┌────────

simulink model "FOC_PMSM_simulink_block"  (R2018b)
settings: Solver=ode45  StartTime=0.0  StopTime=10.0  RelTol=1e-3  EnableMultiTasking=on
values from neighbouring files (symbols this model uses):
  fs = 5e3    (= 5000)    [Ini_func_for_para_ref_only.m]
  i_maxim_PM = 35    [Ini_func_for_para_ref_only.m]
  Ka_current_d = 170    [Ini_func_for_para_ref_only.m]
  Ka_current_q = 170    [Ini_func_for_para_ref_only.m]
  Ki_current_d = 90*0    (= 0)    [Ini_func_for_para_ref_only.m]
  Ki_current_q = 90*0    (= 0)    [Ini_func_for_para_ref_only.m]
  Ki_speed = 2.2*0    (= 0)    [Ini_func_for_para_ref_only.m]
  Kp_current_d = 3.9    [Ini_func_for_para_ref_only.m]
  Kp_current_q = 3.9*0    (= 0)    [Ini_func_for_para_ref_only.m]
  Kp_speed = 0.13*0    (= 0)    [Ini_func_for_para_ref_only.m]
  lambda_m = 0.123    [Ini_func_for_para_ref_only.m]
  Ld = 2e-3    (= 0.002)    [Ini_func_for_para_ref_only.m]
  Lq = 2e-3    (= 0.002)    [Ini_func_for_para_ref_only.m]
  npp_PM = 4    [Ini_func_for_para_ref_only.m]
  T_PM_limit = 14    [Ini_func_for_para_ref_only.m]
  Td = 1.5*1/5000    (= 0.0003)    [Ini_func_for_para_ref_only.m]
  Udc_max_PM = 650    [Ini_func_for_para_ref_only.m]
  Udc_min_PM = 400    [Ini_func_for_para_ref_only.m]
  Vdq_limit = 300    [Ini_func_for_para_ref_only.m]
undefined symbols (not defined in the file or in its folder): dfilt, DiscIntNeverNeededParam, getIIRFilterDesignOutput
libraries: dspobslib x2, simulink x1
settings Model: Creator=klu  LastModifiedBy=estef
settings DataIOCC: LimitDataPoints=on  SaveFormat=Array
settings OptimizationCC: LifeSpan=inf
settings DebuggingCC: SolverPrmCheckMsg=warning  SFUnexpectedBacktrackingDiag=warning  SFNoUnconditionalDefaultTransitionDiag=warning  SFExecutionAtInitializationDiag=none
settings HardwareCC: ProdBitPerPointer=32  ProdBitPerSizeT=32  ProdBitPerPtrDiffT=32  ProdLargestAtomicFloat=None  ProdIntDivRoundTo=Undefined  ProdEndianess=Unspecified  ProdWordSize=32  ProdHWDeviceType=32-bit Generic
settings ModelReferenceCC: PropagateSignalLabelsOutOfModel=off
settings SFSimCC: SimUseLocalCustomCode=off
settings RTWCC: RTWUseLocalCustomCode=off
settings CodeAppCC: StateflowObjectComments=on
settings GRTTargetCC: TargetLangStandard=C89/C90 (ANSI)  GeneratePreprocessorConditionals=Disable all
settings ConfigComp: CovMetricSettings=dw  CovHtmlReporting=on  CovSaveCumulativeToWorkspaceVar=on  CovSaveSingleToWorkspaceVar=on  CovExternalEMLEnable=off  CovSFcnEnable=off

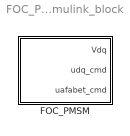
== system FOC_PMSM_simulink_block ==
  FOC_PMSM : Subsystem
      mask Display: disp('FOC PMSM')

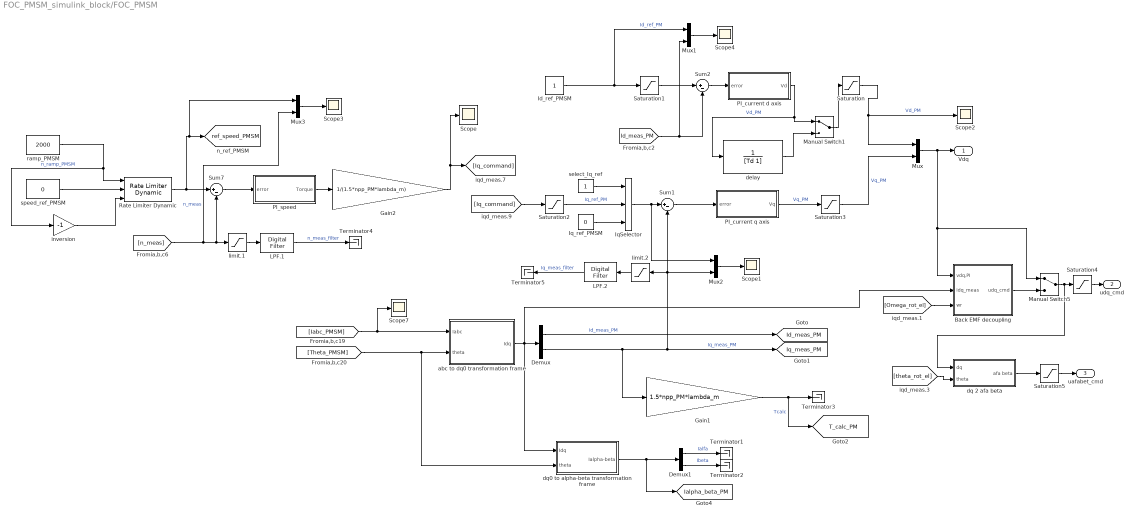
== system FOC_PMSM_simulink_block/FOC_PMSM ==
  Back EMF decoupling : Subsystem
  Demux : Demux  Outputs=2
  Demux1 : Demux  Outputs=2
  Gain1 : Gain  Gain=1.5*npp_PM*lambda_m
  Gain2 : Gain  Gain=1/(1.5*npp_PM*lambda_m)
  Id_ref_PMSM : Constant
  IqSelector : MultiPortSwitch  Inputs=2  SaturateOnIntegerOverflow=on  InputSameDT=on
  Iq_ref_PMSM : Constant  Value=0
  LPF.1 : dspobslib/Digital Filter  TypePopup=IIR (poles & zeros)  IIRFiltStruct=Direct form II transposed  AllPoleFiltStruct=Direct form  FIRFiltStruct=Direct form  CoeffSource=Specify via dialog  NumCoeffs=getIIRFilterDesignOutput('Butterworth','Lowpass',2,2,20,0.5/(fs/2),0.6,1)  DenCoeffs=getIIRFilterDesignOutput('Butterworth','Lowpass',2,2,20,0.5/(fs/2),0.6,2)  BiQuadCoeffs=[1 0.3 0.4 1 0.1 0.2]  LatticeCoeffs=[0.2 0.4]  denIgnore=on  FiltPerSampPopup=One filter per frame  IC=0  ICnum=0  ICden=0  roundingMode=Floor  overflowMode=off  ScaleValues=1  scaleValueFracLength=14  stageInFracLength=15  stageOutFracLength=15  FilterSource=Specify via dialog  dfiltObjectName=dfilt.dffir([1 2 1])  InputProcessing=Inherited (this choice will be removed - see release notes)
      settings: SourceProductName=DSP System Toolbox  SourceProductBaseCode=DS
  LPF.2 : dspobslib/Digital Filter  TypePopup=IIR (poles & zeros)  IIRFiltStruct=Direct form II transposed  AllPoleFiltStruct=Direct form  FIRFiltStruct=Direct form  CoeffSource=Specify via dialog  NumCoeffs=getIIRFilterDesignOutput('Butterworth','Lowpass',2,2,20,0.5/(fs/2),0.6,1)  DenCoeffs=getIIRFilterDesignOutput('Butterworth','Lowpass',2,2,20,0.5/(fs/2),0.6,2)  BiQuadCoeffs=[1 0.3 0.4 1 0.1 0.2]  LatticeCoeffs=[0.2 0.4]  denIgnore=on  FiltPerSampPopup=One filter per frame  IC=0  ICnum=0  ICden=0  roundingMode=Floor  overflowMode=off  ScaleValues=1  scaleValueFracLength=14  stageInFracLength=15  stageOutFracLength=15  FilterSource=Specify via dialog  dfiltObjectName=dfilt.dffir([1 2 1])  InputProcessing=Inherited (this choice will be removed - see release notes)
      settings: SourceProductName=DSP System Toolbox  SourceProductBaseCode=DS
  Manual Switch1 : ManualSwitch
  Manual Switch5 : ManualSwitch
  Mux{,1..3} (4 alike) : Mux  Inputs=2
  PI_current d axis : Subsystem
  PI_current q axis : Subsystem
  PI_speed : Subsystem
  Rate Limiter Dynamic : simulink/Discontinuities/Rate Limiter Dynamic
      settings: SourceProductName=Simulink
  Saturation{,3..5} (4 alike) : Saturate  UpperLimit=Udc_max_PM  LowerLimit=Udc_min_PM
  Saturation1 : Saturate  UpperLimit=i_maxim_PM  LowerLimit=-i_maxim_PM
  Saturation2 : Saturate  UpperLimit=i_maxim_PM  LowerLimit=-i_maxim_PM
  Scope{,1..4,7} (6 alike) : Scope
  Sum1 : Sum  Inputs=|+-
  Sum2 : Sum  Inputs=|+-
  Sum7 : Sum  Inputs=|+-
  Terminator{1..5} (5 alike) : Terminator
  abc to dq0 transformation frame : Subsystem
  "delay " : TransferFcn  Denominator=[Td 1]
  dq 2 afa beta : Subsystem
  dq0 to alpha-beta transformation frame : Subsystem
  inversion : Gain  Gain=-1
  limit.1 : Saturate  UpperLimit=5000  LowerLimit=-5000
  limit.2 : Saturate  UpperLimit=5000  LowerLimit=-5000
  ramp_PMSM : Constant  Value=2000  SampleTime=-1
  select_Iq_ref : Constant  SampleTime=-1
  speed_ref_PMSM : Constant  Value=0  SampleTime=-1
  Vdq : Outport
  udq_cmd : Outport  Port=2
  uafabet_cmd : Outport  Port=3
  tag scope: Ialpha_beta_PM=global, Id_meas_PM=global, Iq_meas_PM=global, T_calc_PM=global, ref_speed_PMSM=global
  wires:
  [n_meas] -> Mux3/2, limit.1/1, Sum7/2  "n_meas"
  [Theta_PMSM] -> dq0 to alpha-beta transformation frame/2(theta), abc to dq0 transformation frame/2(theta)
  Demux/1 -> [Id_meas_PM]  "Id_meas_PM"
  Sum1/1 -> PI_current q axis/1(error)
  dq0 to alpha-beta transformation frame/1(Ialpha-beta) -> Demux1/1, [Ialpha_beta_PM]
  Demux1/1 -> Terminator1/1  "Ialfa"
  Demux1/2 -> Terminator2/1  "Ibeta"
  abc to dq0 transformation frame/1(Idq) -> Back EMF decoupling/2(idq_meas), Demux/1, dq0 to alpha-beta transformation frame/1(Idq)
  Gain1/1 -> [T_calc_PM], Terminator3/1  "Tcalc"
  Demux/2 -> [Iq_meas_PM], Mux2/2, Sum1/2, limit.2/1, Gain1/1  "Iq_meas_PM"
  [Iabc_PMSM] -> Scope7/1, abc to dq0 transformation frame/1(Iabc)
  ramp_PMSM/1 -> Rate Limiter Dynamic/1, inversion/1  "n_ramp_PMSM"
  inversion/1 -> Rate Limiter Dynamic/3
  Rate Limiter Dynamic/1 -> Sum7/1, Mux3/1, [ref_speed_PMSM]
  Saturation2/1 -> IqSelector/2  "Iq_ref_PM"
  IqSelector/1 -> Mux2/1, Sum1/1
  select_Iq_ref/1 -> IqSelector/1
  Iq_ref_PMSM/1 -> IqSelector/3
  speed_ref_PMSM/1 -> Rate Limiter Dynamic/2
  limit.1/1 -> LPF.1/1
  LPF.1/1 -> Terminator4/1  "n_meas_filter"
  limit.2/1 -> LPF.2/1
  LPF.2/1 -> Terminator5/1  "Iq_meas_filter"
  Saturation/1 -> Scope2/1, Mux/1  "Vd_PM"
  Id_ref_PMSM/1 -> Mux1/1, Saturation1/1  "Id_ref_PM"
  Saturation1/1 -> Sum2/1
  [Id_meas_PM] -> Mux1/2, Sum2/2
  Sum2/1 -> PI_current d axis/1(error)
  [Iq_command] -> Saturation2/1
  PI_current q axis/1(Vq) -> Saturation3/1  "Vq_PM"
  Mux/1 -> Manual Switch5/1, Back EMF decoupling/1(vdq,PI), Vdq/1
  Saturation3/1 -> Mux/2  "Vq_PM"
  Sum7/1 -> PI_speed/1(error)
  PI_speed/1(Torque) -> Gain2/1
  Gain2/1 -> Scope/1, [Iq_command]
  Mux1/1 -> Scope4/1
  Mux2/1 -> Scope1/1
  Mux3/1 -> Scope3/1
  Back EMF decoupling/1(udq_cmd) -> Manual Switch5/2
  Saturation4/1 -> udq_cmd/1
  Manual Switch5/1 -> dq 2 afa beta/1(dq), Saturation4/1
  Saturation5/1 -> uafabet_cmd/1
  dq 2 afa beta/1(afa beta) -> Saturation5/1
  [theta_rot_el] -> dq 2 afa beta/2(theta)
  [Omega_rot_el] -> Back EMF decoupling/3(wr)
  PI_current d axis/1(Vd) -> "delay "/1, Manual Switch1/1  "Vd_PM"
  Manual Switch1/1 -> Saturation/1
  "delay "/1 -> Manual Switch1/2

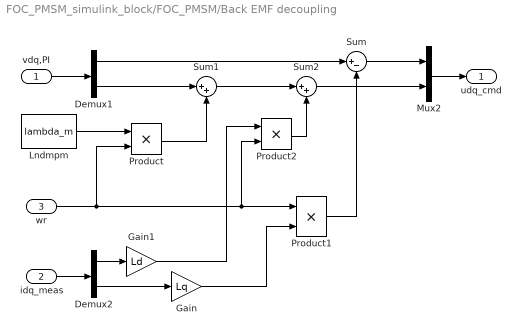
== system FOC_PMSM_simulink_block/FOC_PMSM/Back EMF decoupling ==
  vdq,PI : Inport
  idq_meas : Inport  Port=2
  wr : Inport  Port=3
  Demux1 : Demux  Outputs=2
  Demux2 : Demux  Outputs=2
  Gain : Gain  Gain=Lq
  Gain1 : Gain  Gain=Ld
  Lndmpm : Constant  Value=lambda_m
  Mux2 : Mux  Inputs=2
  Product : Product  RndMeth=Zero
  Product1 : Product  RndMeth=Zero
  Product2 : Product  RndMeth=Zero
  Sum : Sum  Inputs=|+-
  Sum1 : Sum  Inputs=|++
  Sum2 : Sum  Inputs=|++
  udq_cmd : Outport
  wires:
  Mux2/1 -> udq_cmd/1
  vdq,PI/1 -> Demux1/1
  Demux1/1 -> Sum/1
  Sum/1 -> Mux2/1
  Demux1/2 -> Sum1/1
  idq_meas/1 -> Demux2/1
  wr/1 -> Product/2, Product1/1, Product2/2
  Product1/1 -> Sum/2
  Gain/1 -> Product1/2
  Demux2/2 -> Gain/1
  Lndmpm/1 -> Product/1
  Product/1 -> Sum1/2
  Sum1/1 -> Sum2/1
  Demux2/1 -> Gain1/1
  Gain1/1 -> Product2/1
  Product2/1 -> Sum2/2
  Sum2/1 -> Mux2/2

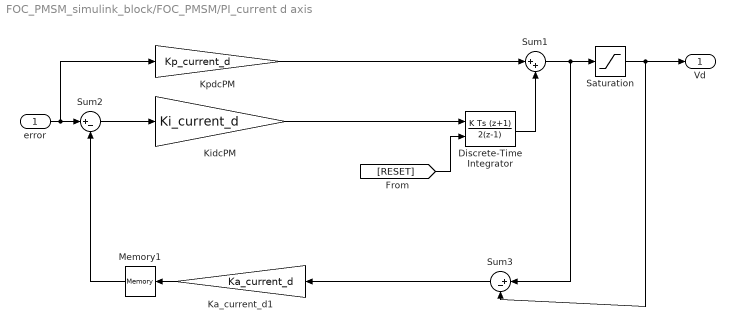
== system FOC_PMSM_simulink_block/FOC_PMSM/PI_current d axis ==
  error : Inport
  Discrete-Time Integrator : DiscreteIntegrator  IntegratorMethod=Integration: Trapezoidal  ExternalReset=level  SampleTime=-1  ICPrevOutput=DiscIntNeverNeededParam  ICPrevScaledInput=DiscIntNeverNeededParam
  Ka_current_d1 : Gain  Gain=Ka_current_d
  KidcPM : Gain  Gain=Ki_current_d
  KpdcPM : Gain  Gain=Kp_current_d
  Memory1 : Memory  InheritSampleTime=on
  Saturation : Saturate  UpperLimit=Vdq_limit  LowerLimit=-Vdq_limit
  Sum1 : Sum  Inputs=|++
  Sum2 : Sum  Inputs=|+-
  Sum3 : Sum  Inputs=|+-
  Vd : Outport
  wires:
  error/1 -> KpdcPM/1, Sum2/1
  KidcPM/1 -> Discrete-Time Integrator/1
  KpdcPM/1 -> Sum1/1
  Discrete-Time Integrator/1 -> Sum1/2
  Sum1/1 -> Saturation/1, Sum3/1
  Saturation/1 -> Vd/1, Sum3/2
  [RESET] -> Discrete-Time Integrator/2
  Ka_current_d1/1 -> Memory1/1
  Sum3/1 -> Ka_current_d1/1
  Memory1/1 -> Sum2/2
  Sum2/1 -> KidcPM/1

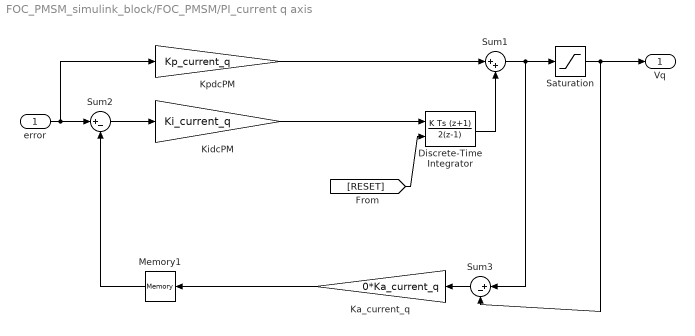
== system FOC_PMSM_simulink_block/FOC_PMSM/PI_current q axis ==
  error : Inport
  Discrete-Time Integrator : DiscreteIntegrator  IntegratorMethod=Integration: Trapezoidal  ExternalReset=level  SampleTime=-1  ICPrevOutput=DiscIntNeverNeededParam  ICPrevScaledInput=DiscIntNeverNeededParam
  Ka_current_q : Gain  Gain=0*Ka_current_q
  KidcPM : Gain  Gain=Ki_current_q
  KpdcPM : Gain  Gain=Kp_current_q
  Memory1 : Memory  InheritSampleTime=on
  Saturation : Saturate  UpperLimit=Vdq_limit  LowerLimit=-Vdq_limit
  Sum1 : Sum  Inputs=|++
  Sum2 : Sum  Inputs=|+-
  Sum3 : Sum  Inputs=|+-
  Vq : Outport
  wires:
  [RESET] -> Discrete-Time Integrator/2
  Saturation/1 -> Vq/1, Sum3/2
  Sum1/1 -> Saturation/1, Sum3/1
  Discrete-Time Integrator/1 -> Sum1/2
  KpdcPM/1 -> Sum1/1
  KidcPM/1 -> Discrete-Time Integrator/1
  error/1 -> KpdcPM/1, Sum2/1
  Ka_current_q/1 -> Memory1/1
  Sum3/1 -> Ka_current_q/1
  Sum2/1 -> KidcPM/1
  Memory1/1 -> Sum2/2

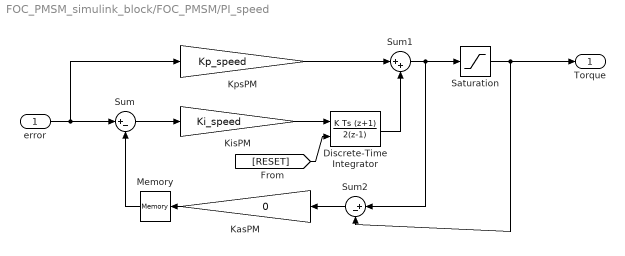
== system FOC_PMSM_simulink_block/FOC_PMSM/PI_speed ==
  error : Inport
  Discrete-Time Integrator : DiscreteIntegrator  IntegratorMethod=Integration: Trapezoidal  ExternalReset=level  SampleTime=-1  ICPrevOutput=DiscIntNeverNeededParam  ICPrevScaledInput=DiscIntNeverNeededParam
  KasPM : Gain  Gain=0
  KisPM : Gain  Gain=Ki_speed
  KpsPM : Gain  Gain=Kp_speed
  Memory : Memory  InheritSampleTime=on
  Saturation : Saturate  UpperLimit=T_PM_limit  LowerLimit=-T_PM_limit
  Sum : Sum  Inputs=|+-
  Sum1 : Sum  Inputs=|++
  Sum2 : Sum  Inputs=|+-
  Torque : Outport
  wires:
  error/1 -> KpsPM/1, Sum/1
  Sum/1 -> KisPM/1
  KisPM/1 -> Discrete-Time Integrator/1
  KpsPM/1 -> Sum1/1
  Discrete-Time Integrator/1 -> Sum1/2
  KasPM/1 -> Memory/1
  Sum2/1 -> KasPM/1
  Sum1/1 -> Sum2/1, Saturation/1
  Saturation/1 -> Sum2/2, Torque/1
  [RESET] -> Discrete-Time Integrator/2
  Memory/1 -> Sum/2

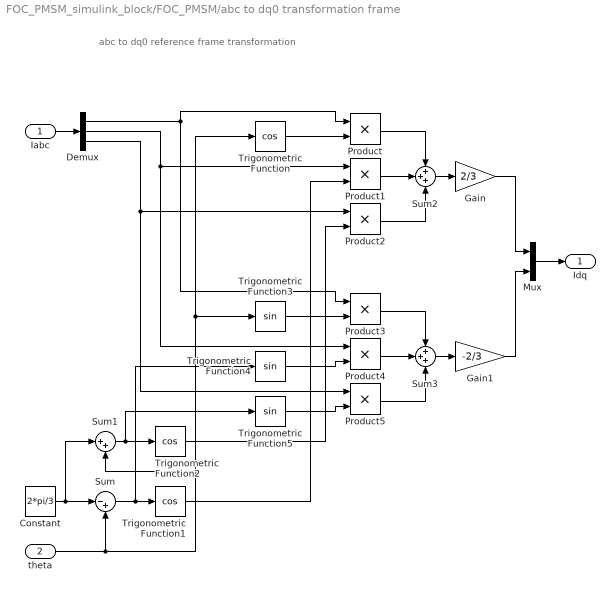
== system FOC_PMSM_simulink_block/FOC_PMSM/abc to dq0 transformation frame ==
  note: abc to dq0 reference frame transformation
  Iabc : Inport
  theta : Inport  Port=2
  Constant : Constant  Value=2*pi/3
  Demux : Demux  Outputs=3
  Gain : Gain  Gain=2/3
  Gain1 : Gain  Gain=-2/3
  Mux : Mux  Inputs=2
  Product{,1..5} (6 alike) : Product  RndMeth=Zero
  Sum : Sum  Inputs=|-+
  Sum1 : Sum  Inputs=|++
  Sum2 : Sum  Inputs=+++
  Sum3 : Sum  Inputs=+++
  Trigonometric Function : Trigonometry  Operator=cos
  Trigonometric Function1 : Trigonometry  Operator=cos
  Trigonometric Function2 : Trigonometry  Operator=cos
  Trigonometric Function3 : Trigonometry
  Trigonometric Function4 : Trigonometry
  Trigonometric Function5 : Trigonometry
  Idq : Outport
  wires:
  Iabc/1 -> Demux/1
  Demux/1 -> Product/1, Product3/1
  Trigonometric Function/1 -> Product/2
  theta/1 -> Sum/2, Sum1/2, Trigonometric Function/1, Trigonometric Function3/1
  Constant/1 -> Sum/1, Sum1/1
  Sum/1 -> Trigonometric Function1/1, Trigonometric Function4/1
  Demux/2 -> Product1/1, Product4/1
  Trigonometric Function1/1 -> Product1/2
  Sum1/1 -> Trigonometric Function2/1, Trigonometric Function5/1
  Trigonometric Function2/1 -> Product2/2
  Demux/3 -> Product2/1, Product5/1
  Product1/1 -> Sum2/2
  Product/1 -> Sum2/1
  Product2/1 -> Sum2/3
  Product4/1 -> Sum3/2
  Product3/1 -> Sum3/1
  Product5/1 -> Sum3/3
  Trigonometric Function3/1 -> Product3/2
  Trigonometric Function5/1 -> Product5/2
  Trigonometric Function4/1 -> Product4/2
  Sum2/1 -> Gain/1
  Sum3/1 -> Gain1/1
  Gain/1 -> Mux/1
  Gain1/1 -> Mux/2
  Mux/1 -> Idq/1

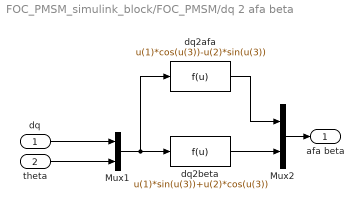
== system FOC_PMSM_simulink_block/FOC_PMSM/dq 2 afa beta ==
  dq : Inport
  theta : Inport  Port=2
  Mux1 : Mux  Inputs=2
  Mux2 : Mux  Inputs=2
  dq2afa : Fcn  Expr=u(1)*cos(u(3))-u(2)*sin(u(3))
  dq2beta : Fcn  Expr=u(1)*sin(u(3))+u(2)*cos(u(3))
  afa beta : Outport
  wires:
  Mux2/1 -> afa beta/1
  dq2beta/1 -> Mux2/2
  dq2afa/1 -> Mux2/1
  Mux1/1 -> dq2afa/1, dq2beta/1
  theta/1 -> Mux1/2
  dq/1 -> Mux1/1

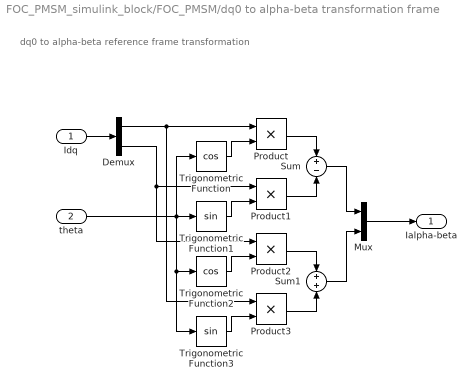
== system FOC_PMSM_simulink_block/FOC_PMSM/dq0 to alpha-beta transformation frame ==
  note: dq0 to alpha-beta reference frame transformation
  Idq : Inport
  theta : Inport  Port=2
  Demux : Demux  Outputs=2
  Mux : Mux  Inputs=2
  Product{,1..3} (4 alike) : Product  RndMeth=Zero
  Sum : Sum  Inputs=+|-
  Sum1 : Sum  Inputs=+|+
  Trigonometric Function : Trigonometry  Operator=cos
  Trigonometric Function1 : Trigonometry
  Trigonometric Function2 : Trigonometry  Operator=cos
  Trigonometric Function3 : Trigonometry
  Ialpha-beta : Outport
  wires:
  Idq/1 -> Demux/1
  theta/1 -> Trigonometric Function/1, Trigonometric Function1/1, Trigonometric Function2/1, Trigonometric Function3/1
  Demux/1 -> Product/1, Product3/1
  Trigonometric Function/1 -> Product/2
  Trigonometric Function1/1 -> Product1/2
  Demux/2 -> Product1/1, Product2/1
  Product/1 -> Sum/1
  Product1/1 -> Sum/2
  Sum/1 -> Mux/1
  Mux/1 -> Ialpha-beta/1
  Trigonometric Function2/1 -> Product2/2
  Trigonometric Function3/1 -> Product3/2
  Product2/1 -> Sum1/1
  Product3/1 -> Sum1/2
  Sum1/1 -> Mux/2

└────────

The problem
Transcribe exactly, and only, the lines from the opening line of the records through the line containing "Kp_current_d = 3.9".

Written answer
simulink model "FOC_PMSM_simulink_block"  (R2018b)
settings: Solver=ode45  StartTime=0.0  StopTime=10.0  RelTol=1e-3  EnableMultiTasking=on
values from neighbouring files (symbols this model uses):
  fs = 5e3    (= 5000)    [Ini_func_for_para_ref_only.m]
  i_maxim_PM = 35    [Ini_func_for_para_ref_only.m]
  Ka_current_d = 170    [Ini_func_for_para_ref_only.m]
  Ka_current_q = 170    [Ini_func_for_para_ref_only.m]
  Ki_current_d = 90*0    (= 0)    [Ini_func_for_para_ref_only.m]
  Ki_current_q = 90*0    (= 0)    [Ini_func_for_para_ref_only.m]
  Ki_speed = 2.2*0    (= 0)    [Ini_func_for_para_ref_only.m]
  Kp_current_d = 3.9    [Ini_func_for_para_ref_only.m]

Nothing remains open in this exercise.